O Brasil monitora os cinco casos de influenza aviária altamente patogênica (HPAI), registrados no país, em aves selvagens. Mas apesar desses, o Ministério da Agricultura não trabalha nesse momento para a realização de uma campanha de vacinação em massa. O temor da pasta é que a aplicação dos imunizantes podem aumentar as barreiras comerciais impostas por países importadores do produto, podendo gera enorme prejuízos para a balança comercial, pois estimativas dizem que o setor é responsável por gerar quase 10 bilhões de dólares em receitas.

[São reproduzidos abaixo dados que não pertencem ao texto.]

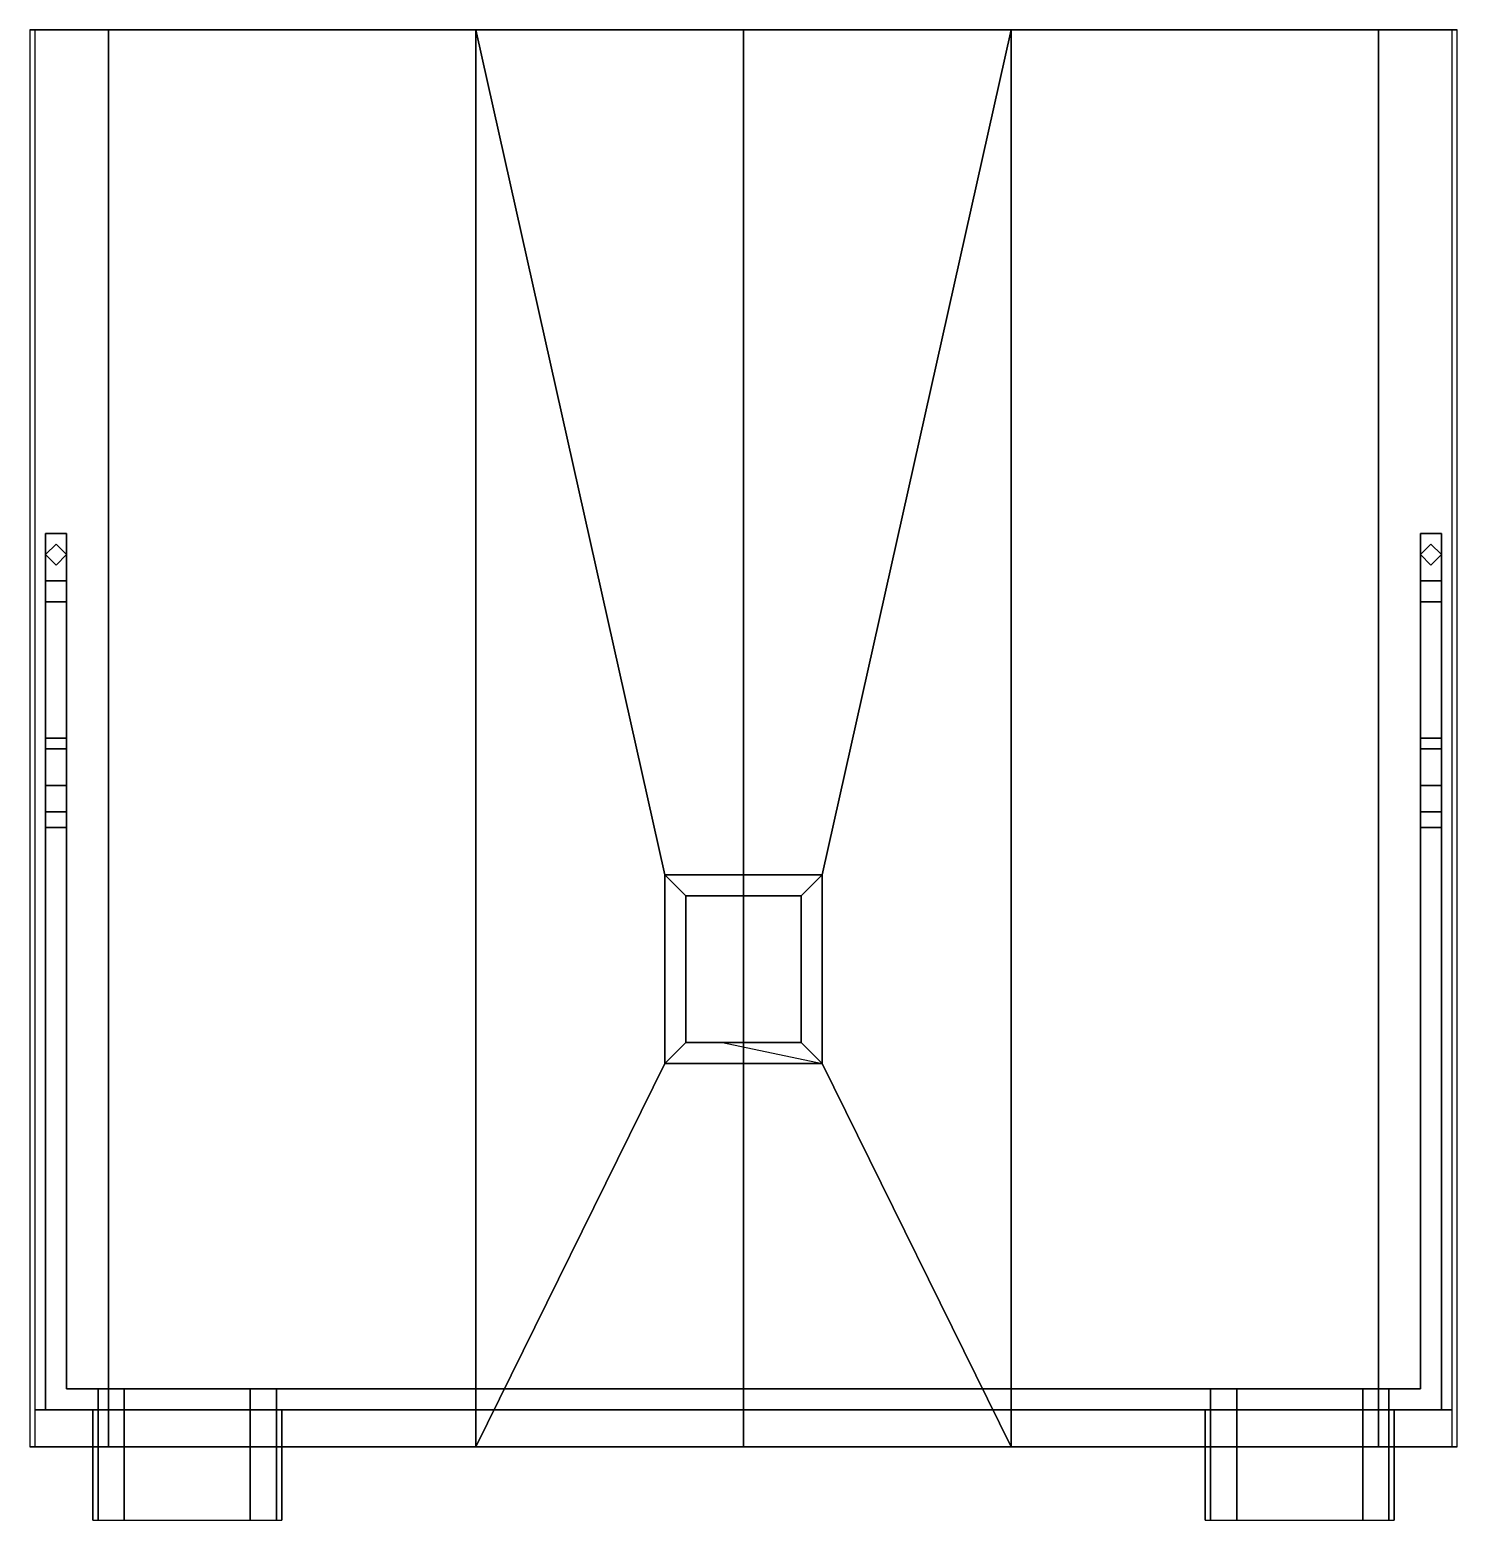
# Model space of a CAD drawing. Extents: x -1.36 to 1.36, y 0.07 to 2.91.
import ezdxf

# ---------------------------------------------------------------- set-up
doc = ezdxf.new("R2010")
doc.units = 0
doc.layers.add('CAB', color=3, linetype='CONTINUOUS')

msp = doc.modelspace()

# ---------------------------------------------------------------- linework, layer by layer
at = {"layer": 'CAB'}
for points in [[(-1.21, 0.21, 3.82), (-1.21, 2.91, 3.82), (-1.36, 2.91, 3.58), (-1.36, 0.21, 3.58)], [(-1.35, 2.91, 3.58), (-1.36, 2.91, 3.58), (-1.21, 2.91, 3.82), (-1.21, 2.91, 3.8)], [(-1.21, 2.91, 3.8), (-1.21, 0.21, 3.8), (-1.35, 0.21, 3.58), (-1.35, 2.91, 3.58)], [(-0.51, 0.21, 4.11), (-0.51, 2.91, 4.11), (-1.21, 2.91, 3.82), (-1.21, 0.21, 3.82)], [(-0.51, 2.91, 4.09), (-0.51, 0.21, 4.09), (-1.21, 0.21, 3.8), (-1.21, 2.91, 3.8)], [(-1.21, 2.91, 3.8), (-1.21, 2.91, 3.82), (-0.51, 2.91, 4.11), (-0.51, 2.91, 4.09)], [(-0.15, 0.94, 4.1241), (-0.15, 1.3, 4.1241), (-0.51, 2.91, 4.11), (-0.51, 0.21, 4.11)], [(0, 2.91, 4.11), (0, 0.21, 4.11), (-0.51, 0.21, 4.09), (-0.51, 2.91, 4.09)], [(-0.51, 2.91, 4.09), (-0.51, 2.91, 4.11), (0, 2.91, 4.13), (0, 2.91, 4.11)], [(0, 1.3, 4.13), (0, 2.91, 4.13), (-0.51, 2.91, 4.11), (-0.15, 1.3, 4.1241)], [(0.51, 2.91, 4.09), (0.51, 0.21, 4.09), (0, 0.21, 4.11), (0, 2.91, 4.11)], [(0, 2.91, 4.11), (0, 2.91, 4.13), (0.51, 2.91, 4.11), (0.51, 2.91, 4.09)], [(0.15, 1.3, 4.1241), (0.51, 2.91, 4.11), (0, 2.91, 4.13), (0, 1.3, 4.13)], [(0.15, 1.3, 4.1241), (0.15, 0.94, 4.1241), (0.51, 0.21, 4.11), (0.51, 2.91, 4.11)], [(0.51, 2.91, 4.11), (0.51, 0.21, 4.11), (1.21, 0.21, 3.82), (1.21, 2.91, 3.82)], [(1.21, 2.91, 3.8), (1.21, 0.21, 3.8), (0.51, 0.21, 4.09), (0.51, 2.91, 4.09)], [(0.51, 2.91, 4.09), (0.51, 2.91, 4.11), (1.21, 2.91, 3.82), (1.21, 2.91, 3.8)], [(1.21, 2.91, 3.82), (1.21, 0.21, 3.82), (1.36, 0.21, 3.58), (1.36, 2.91, 3.58)], [(1.35, 2.91, 3.58), (1.35, 0.21, 3.58), (1.21, 0.21, 3.8), (1.21, 2.91, 3.8)], [(1.21, 2.91, 3.8), (1.21, 2.91, 3.82), (1.36, 2.91, 3.58), (1.35, 2.91, 3.58)], [(-1.33, 1.95, 1.63), (-1.33, 0.28, 1.52), (-1.33, 0.28, 1.52), (-1.33, 1.95, 1.79)], [(-1.33, 1.95, 1.79), (-1.29, 1.95, 1.79), (-1.29, 1.95, 1.63), (-1.33, 1.95, 1.63)], [(-1.33, 1.54, 2.81), (-1.29, 1.54, 2.81), (-1.29, 1.95, 2.81), (-1.33, 1.95, 2.81)], [(-1.33, 1.95, 2.81), (-1.29, 1.95, 2.81), (-1.29, 1.95, 2.68), (-1.33, 1.95, 2.68)], [(-1.29, 1.95, 2.68), (-1.29, 1.86, 2.68), (-1.33, 1.86, 2.68), (-1.33, 1.95, 2.68)], [(-1.33, 1.95, 2.68), (-1.33, 1.86, 2.68), (-1.33, 1.54, 2.81), (-1.33, 1.95, 2.81)], [(-1.33, 1.95, 3.61), (-1.29, 1.95, 3.61), (-1.29, 1.95, 3.52), (-1.33, 1.95, 3.52)], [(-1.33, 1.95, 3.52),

Segundo Eduardo Cunha, representante do Brasil n Organização Mundial da Saúde Animal (OMSA) em Paris e diretor do Departamento de Saúde Animal do Ministério da Agricultura e Pecuária, a situação epidemiológica no país está controlada. “Atualmente, o Brasil está livre de HPAI. Se nosso status epidemiológico mudar e eventualmente decidirmos vacinar… temos um forte sentimento de que seremos submetidos a algumas barreiras comerciais”, revelou.

Atualmente, o Brasil exporta aves para mais de 130 países, tendo um papel importante no abastecimento mundial de aves e ovos, uma vez que os importadores proíbem a carne de frango e peru de países com o vírus circulando em suas granjas, segundo informações do portal Money Times. Caso seja necessária a aplicação da vacina contra a gripe aviária, uma negociação com os compradores para convencê-los a aceitar o produto vacinado será “um grande desafio”.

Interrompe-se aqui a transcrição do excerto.